Summary: In the phase III METEOR trial, 658 previously
treated patients with advanced renal cell carcinoma were
randomly assigned 1:1 to receive cabozantinib or
everolimus. The cabozantinib arm had improved progression
free survival, overall survival, and objective response
rate compared with everolimus. Changes in quality of
life (QoL), an exploratory end point, are reported here.
Patients completed functional assessment questionnaires.
Data were summarized descriptively and by repeated-measures
analysis (for which a clinically relevant difference
was an effect size ≥ 0.3). Time to deterioration (TTD) was
defined as the earlier of date of death, radiographic progressive
disease, or ≥ 4-point decrease from There was
no difference over time in data gathered between the
cabozantinib and everolimus arms. Cabozantinib
improved TTD overall, with a marked improvement in
patients with bone metastases at baseline.
Conclusion: In patients with advanced RCC, relative to
everolimus, cabozantinib generally maintained QoL to a
similar extent. Compared with everolimus, cabozantinib
extended TTD overall and markedly improved TTD in
patients with bone metastases.
Cabozantinib, a new standard of care for patients with
advanced renal cell carcinoma and bone metastases?
Subgroup analysis of the METEOR Trial. Escudier B,
Powles T, Motzer RJ, et al. J Clin Oncol. 2018 Mar
10;36(8):765-772.
Summary: Six hundred fifty-eight patients were randomly
assigned 1:1 to receive 60 mg cabozantinib or 10 mg
everolimus. Prespecified subgroup analyses of PFS, OS, and
ORR were conducted in patients grouped by baseline bone
metastases status per independent radiology committee
(IRC). Additional end points included bone scan response
per IRC, skeletal-related events, and changes in bone biomarkers.

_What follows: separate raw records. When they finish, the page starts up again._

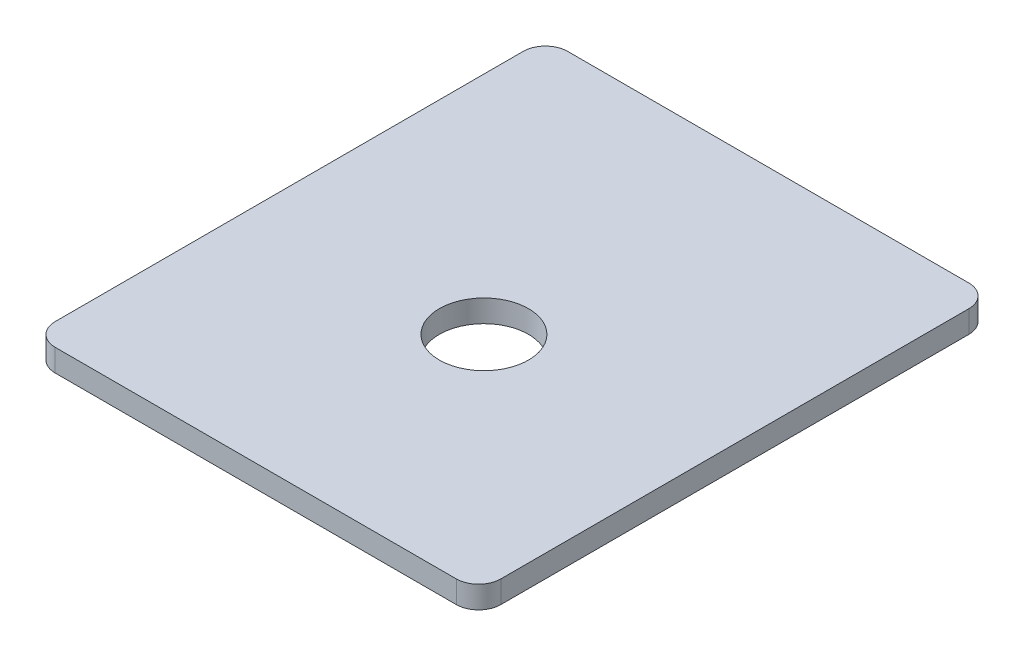
from build123d import *

# Parameters (mm, degrees)
SKETCH1_R               = 4
BOSS_EXTRUDE1_DEPTH     = 2
SKETCH5_W               = 40
SKETCH5_H               = 2
BOSS_EXTRUDE5_DEPTH     = 40
CUT_EXTRUDE4_DEPTH      = 64.976558207
CUT_EXTRUDE4_DEPTH_BACK = 52
SKETCH8_W               = 2
SKETCH8_H               = 42
FILLET1_R               = 2
FILLET2_R               = 2


with BuildPart() as part:
    # Sketch1 → Boss-Extrude1 (new body)
    with BuildSketch(Plane(origin=(0, 0, 0), x_dir=(1, 0, 0), z_dir=(0, 1, 0))):
        with BuildLine():
            Line((-20, -21), (-20, -27))
            Line((-20, -27), (20, -27))
            Line((20, -27), (20, -21))
            Line((20, -21), (20, 19))
            ThreePointArc((20, 19), (19.414213562, 20.414213562), (18, 21))
            Line((18, 21), (-18, 21))
            ThreePointArc((-18, 21), (-19.414213562, 20.414213562), (-20, 19))
            Line((-20, 19), (-20, -21))
        make_face()
        with Locations(Location((0.232716016, -4.751871967, 0), (0, 0, 270))):
            Circle(SKETCH1_R, mode=Mode.SUBTRACT)
    extrude(amount=BOSS_EXTRUDE1_DEPTH)

    # Sketch5 → Boss-Extrude5 (add)
    with BuildSketch(Plane(origin=(0, 2, 0), x_dir=(1, 0, 0), z_dir=(0, 1, 0))):
        with Locations((0, -26)):
            Rectangle(SKETCH5_W, SKETCH5_H)
    extrude(amount=BOSS_EXTRUDE5_DEPTH)

    # Sketch8 → Cut-Extrude4 (cut, two sides: drawn at the far end of the back side and taken through both)
    with BuildSketch(Plane.ZY.offset(20).offset(-CUT_EXTRUDE4_DEPTH_BACK)):
        with Locations((26, 21)):
            Rectangle(SKETCH8_W, SKETCH8_H)
    extrude(amount=CUT_EXTRUDE4_DEPTH + CUT_EXTRUDE4_DEPTH_BACK, mode=Mode.SUBTRACT)

    # Fillet1
    fillet1_edges = [part.edges().sort_by_distance(p)[0] for p in [
        (-20, 1, 25),
    ]]
    fillet(fillet1_edges, radius=FILLET1_R)

    # Fillet2
    fillet2_edges = [part.edges().sort_by_distance(p)[0] for p in [
        (20, 1, 25),
    ]]
    fillet(fillet2_edges, radius=FILLET2_R)


solid = part.part

For patients with bone metastases at baseline
(cabozantinib n = 77; everolimus n = 65), median PFS
was 7.4 months for cabozantinib versus 2.7 months for
everolimus. Median OS was also longer with cabozantinib
(20.1 months v 12.1 months), and ORR per IRC was higher
(17% v 0%). The rate of skeletal-related events was 23%
with cabozantinib and 29% with everolimus, and bone
scan response per IRC was 20% versus 10%, respectively.
PFS, OS, and ORR were also improved with cabozantinib
in patients without bone metastases. Changes in bone
biomarkers were greater with cabozantinib than with
everolimus. The overall safety profiles of cabozantinib and
everolimus in patients with bone metastases were consistent
with those observed in patients without bone
metastases.
Conclusion: Cabozantinib treatment was associated with
improved PFS, OS, and ORR when compared with
everolimus treatment in patients with advanced RCC and
bone metastases and represents a good treatment option
for these patients.
Pooled analysis of stereotactic ablative radiotherapy
for primary renal cell carcinoma: A report from the
International Radiosurgery Oncology Consortium for
Kidney (IROCK). Siva S, Louie AV, Warner A, et al. Cancer.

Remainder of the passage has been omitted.